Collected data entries
__________

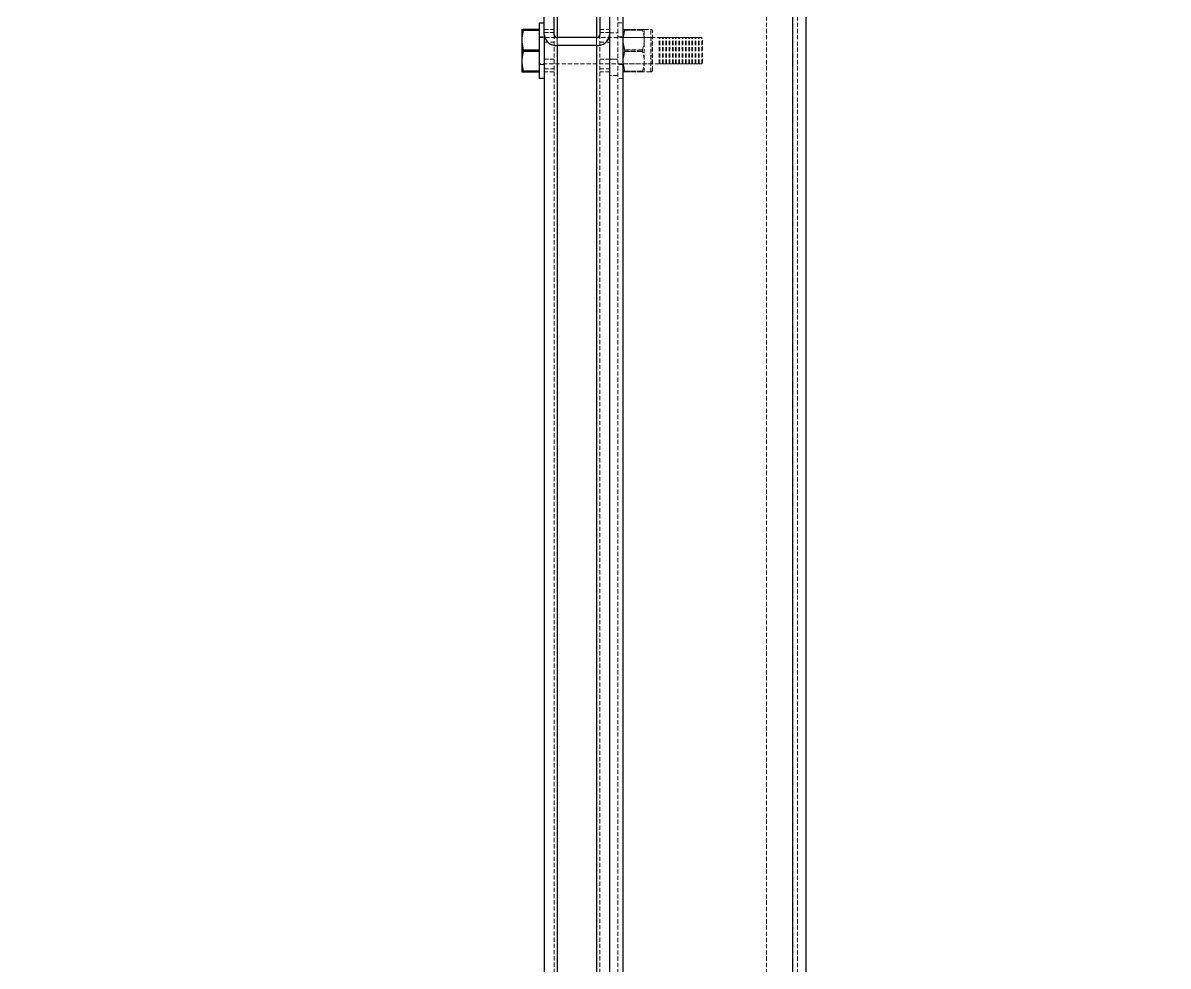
# Model space of a CAD drawing. Header units: millimetres. Extents: x -116399 to 112199, y -90759 to -31335.
# Drawn here: x -23335.1 to -22984.7, y -40675.6 to -40387 of the extents above; entities that cross this region are included whole.
import ezdxf

# ---------------------------------------------------------------- set-up
doc = ezdxf.new("R2010")
doc.units = ezdxf.units.MM
doc.linetypes.add('HIDDEN', pattern=[1.905, 1.27, -0.635])
doc.styles.add('Annotative', font='simplex.shx', dxfattribs={"height": 2.5})
doc.dimstyles.new('Annotative', dxfattribs={"dimscale": 0, "dimtxt": 2.5, "dimasz": 2.5, "dimexe": 1.25, "dimexo": 2, "dimtad": 1, "dimtxsty": 'Annotative', "dimblk": 'OBLIQUE', "dimcen": 2.5, "dimazin": 3, "dimtfac": 1, "dimtmove": 0, "dimatfit": 3, "dimfxl": 1})

# ---------------------------------------------------------------- blocks, each defined once
blk = doc.blocks.new('_Oblique')
at = {"color": 0, "linetype": 'ByBlock', "lineweight": -2}
blk.add_line((-0.5, -0.5), (0.5, 0.5), dxfattribs=at)
blk = doc.blocks.new('*D263')
at = {"color": 8, "lineweight": -2}
for p, q in [((-23255.56, -40244.03), (-23767.93, -40244.03)), ((-23705.43, -43659.03), (-23705.43, -40244.03)), ((-23554.54, -43659.03), (-23767.93, -43659.03))]:
    blk.add_line(p, q, dxfattribs=at)
at = {"layer": 'Defpoints', "color": 0}
for p in [(-23705.43, -40244.03), (-23155.56, -40244.03), (-23454.54, -43659.03)]:
    blk.add_point(p, dxfattribs=at)
at = {"color": 8, "lineweight": -2, "xscale": 125, "yscale": 125, "zscale": 125}
for p, rotation in [((-23705.43, -40244.03), 90), ((-23705.43, -43659.03), 270)]:
    blk.add_blockref('_Oblique', p, dxfattribs=dict(at, rotation=rotation))
at = {"insert": (-23799.18, -41951.53), "char_height": 125, "attachment_point": 5, "rotation": 90, "style": 'Annotative'}
blk.add_mtext('3415', dxfattribs=at)
blk = doc.blocks.new('*D264')
at = {"color": 8, "lineweight": -2}
for p, q in [((-23254.98, -39971.82), (-23117.71, -39677.43)), ((-23144.12, -39734.07), (-19518.9, -41424.57)), ((-19629.76, -41662.31), (-19492.49, -41367.92))]:
    blk.add_line(p, q, dxfattribs=at)
at = {"layer": 'Defpoints', "color": 0}
for p in [(-23297.25, -40062.45), (-19518.9, -41424.57), (-19672.03, -41752.94)]:
    blk.add_point(p, dxfattribs=at)
at = {"color": 8, "lineweight": -2, "xscale": 125, "yscale": 125, "zscale": 125}
for p, rotation in [((-23144.12, -39734.07), 154.9996608847021), ((-19518.9, -41424.57), 334.9996608847022)]:
    blk.add_blockref('_Oblique', p, dxfattribs=dict(at, rotation=rotation))
at = {"insert": (-21291.89, -40494.35), "char_height": 125, "attachment_point": 5, "rotation": 334.9997, "style": 'Annotative'}
blk.add_mtext('4000', dxfattribs=at)

msp = doc.modelspace()

# ---------------------------------------------------------------- linework, layer by layer
at = {"color": 7, "linetype": 'HIDDEN', "lineweight": 18}
for p, q in [((-23153.065, -40244.034), (-23153.065, -43659.034)), ((-23151.565, -40244.034), (-23151.565, -43659.034)), ((-23151.565, -40244.034), (-23151.565, -43659.034)), ((-23151.565, -40244.034), (-23151.565, -43659.034)), ((-23107.565, -40244.034), (-23107.565, -43659.034)), ((-23099.565, -40244.034), (-23099.565, -43659.034)), ((-23099.565, -40244.034), (-23099.565, -43659.034)), ((-23099.565, -40244.034), (-23099.565, -43659.034)), ((-23099.565, -40244.034), (-23099.565, -43659.034)), ((-23099.565, -40244.034), (-23099.565, -43659.034)), ((-23099.565, -40244.034), (-23099.565, -43659.034)), ((-23099.565, -40244.034), (-23099.565, -43659.034)), ((-23098.065, -40244.034), (-23098.065, -43659.034)), ((-23171.565, -40353.104), (-23171.565, -42204.608)), ((-23171.565, -40353.119), (-23171.565, -42201.922)), ((-23159.565, -40353.104), (-23159.565, -42204.608)), ((-23159.565, -40353.119), (-23159.565, -42201.922)), ((-23171.565, -40355.567), (-23171.565, -42204.37)), ((-23159.565, -40355.567), (-23159.565, -42204.37)), ((-23181.965, -40388.984), (-23182.465, -40388.981)), ((-23181.965, -40389.161), (-23182.465, -40391.647)), ((-23182.465, -40391.658), (-23181.965, -40389.17)), ((-23182.465, -40391.66), (-23181.965, -40389.172)), ((-23181.965, -40388.982), (-23177.165, -40388.982)), ((-23181.965, -40388.984), (-23177.165, -40388.984)), ((-23181.965, -40389.161), (-23177.165, -40389.161)), ((-23177.165, -40389.17), (-23181.965, -40389.17)), ((-23177.165, -40389.172), (-23181.965, -40389.172)), ((-23175.565, -40389.034), (-23172.565, -40389.034)), ((-23158.565, -40389.034), (-23155.565, -40389.034)), ((-23153.065, -40386.981), (-23151.465, -40386.981)), ((-23151.465, -40386.979), (-23151.465, -40386.981)), ((-23151.465, -40386.981), (-23151.465, -40403.981)), ((-23151.465, -40388.99), (-23151.459, -40388.979)), ((-23151.465, -40388.992), (-23151.459, -40388.981)), ((-23151.387, -40391.513), (-23150.945, -40389.189)), ((-23145.484, -40388.975), (-23150.945, -40388.975)), ((-23150.945, -40389.183), (-23150.945, -40388.977)), ((-23145.484, -40388.977), (-23150.945, -40388.977)), ((-23150.945, -40388.982), (-23145.484, -40388.982)), ((-23150.945, -40388.984), (-23150.945, -40389.192)), ((-23150.945, -40388.984), (-23145.484, -40388.984)), ((-23150.945, -40389.181), (-23145.484, -40389.181)), ((-23150.945, -40389.183), (-23145.484, -40389.183)), ((-23145.484, -40389.189), (-23150.945, -40389.189)), ((-23145.484, -40389.192), (-23150.945, -40389.192)), ((-23145.484, -40388.975), (-23144.971, -40388.979)), ((-23145.484, -40389.183), (-23145.484, -40388.977)), ((-23144.971, -40388.979), (-23144.965, -40388.99)), ((-23144.971, -40388.981), (-23144.965, -40388.992)), ((-23144.965, -40388.992), (-23144.965, -40388.99)), ((-23144.965, -40388.99), (-23142.965, -40388.99)), ((-23144.965, -40401.97), (-23144.965, -40388.992)), ((-23144.965, -40388.992), (-23142.965, -40388.992)), ((-23142.965, -40401.968), (-23142.965, -40388.99)), ((-23142.965, -40401.97), (-23142.965, -40388.992)), ((-23142.465, -40389.492), (-23142.465, -40389.489)), ((-23142.465, -40401.47), (-23142.465, -40389.492)), ((-23182.465, -40392.799), (-23181.965, -40395.284)), ((-23181.965, -40395.299), (-23182.465, -40392.811)), ((-23181.965, -40395.302), (-23182.465, -40392.813)), ((-23177.165, -40391.279), (-23175.565, -40391.279)), ((-23177.165, -40391.281), (-23175.565, -40391.281)), ((-23177.165, -40391.479), (-23140.365, -40391.479)), ((-23177.165, -40391.481), (-23140.365, -40391.481)), ((-23172.565, -40389.953), (-23175.565, -40389.953)), ((-23175.565, -40389.956), (-23172.565, -40389.956)), ((-23175.565, -40392.842), (-23172.565, -40392.842)), ((-23175.565, -40392.849), (-23172.565, -40392.849)), ((-23172.565, -40390.622), (-23172.565, -42242.127)), ((-23171.565, -40391.438), (-23171.565, -42242.942)), ((-23171.565, -40391.438), (-23171.565, -42207.055)), ((-23171.565, -40391.481), (-23171.565, -42240.284)), ((-23171.565, -40391.481), (-23159.565, -40391.481)), ((-23159.565, -40391.438), (-23159.565, -42242.942)), ((-23159.565, -40391.438), (-23159.565, -42207.055)), ((-23159.565, -40391.481), (-23159.565, -42240.284)), ((-23155.565, -40389.953), (-23158.565, -40389.953)), ((-23158.565, -40389.956), (-23155.565, -40389.956)), ((-23158.565, -40390.622), (-23158.565, -42242.127)), ((-23158.565, -40392.842), (-23155.565, -40392.842)), ((-23158.565, -40392.849), (-23155.565, -40392.849)), ((-23155.565, -40390.034), (-23153.065, -40390.034)), ((-23155.565, -40390.034), (-23153.065, -40390.034)), ((-23153.065, -40391.279), (-23151.465, -40391.279)), ((-23153.065, -40391.281), (-23151.465, -40391.281)), ((-23151.465, -40391.479), (-23142.565, -40391.479)), ((-23151.465, -40391.481), (-23142.565, -40391.481)), ((-23151.387, -40392.94), (-23150.945, -40395.264)), ((-23142.565, -40391.479), (-23142.465, -40391.379)), ((-23142.565, -40391.481), (-23142.465, -40391.381)), ((-23142.565, -40391.481), (-23142.565, -40391.479)), ((-23142.565, -40399.481), (-23142.565, -40391.481)), ((-23140.365, -40391.481), (-23140.365, -40391.479)), ((-23140.365, -40399.481), (-23140.365, -40391.481)), ((-23140.365, -40391.679), (-23140.165, -40391.679)), ((-23140.365, -40391.681), (-23140.165, -40391.681)), ((-23140.165, -40391.481), (-23140.165, -40391.479)), ((-23140.165, -40391.479), (-23139.365, -40391.479)), ((-23140.165, -40399.481), (-23140.165, -40391.481)), ((-23140.165, -40391.481), (-23139.365, -40391.481)), ((-23139.365, -40391.481), (-23139.365, -40391.479)), ((-23139.365, -40399.481), (-23139.365, -40391.481)), ((-23139.365, -40391.679), (-23139.165, -40391.679)), ((-23139.365, -40391.681), (-23139.165, -40391.681)), ((-23139.165, -40391.481), (-23139.165, -40391.479)), ((-23139.165, -40391.479), (-23138.365, -40391.479)), ((-23139.165, -40399.481), (-23139.165, -40391.481)), ((-23139.165, -40391.481), (-23138.365, -40391.481)), ((-23138.365, -40391.481), (-23138.365, -40391.479)), ((-23138.365, -40399.481), (-23138.365, -40391.481)), ((-23138.365, -40391.679), (-23138.165, -40391.679)), ((-23138.365, -40391.681), (-23138.165, -40391.681)), ((-23138.165, -40391.481), (-23138.165, -40391.479)), ((-23138.165, -40391.479), (-23137.365, -40391.479)), ((-23138.165, -40399.481), (-23138.165, -40391.481)), ((-23138.165, -40391.481), (-23137.365, -40391.481)), ((-23137.365, -40391.481), (-23137.365, -40391.479)), ((-23137.365, -40399.481), (-23137.365, -40391.481)), ((-23137.365, -40391.679), (-23137.165, -40391.679)), ((-23137.365, -40391.681), (-23137.165, -40391.681)), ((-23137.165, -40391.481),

__________

### Requirement
Could you state how many lines in the data hold the word "HIDDEN"? Only the number should be given.

### Result below
2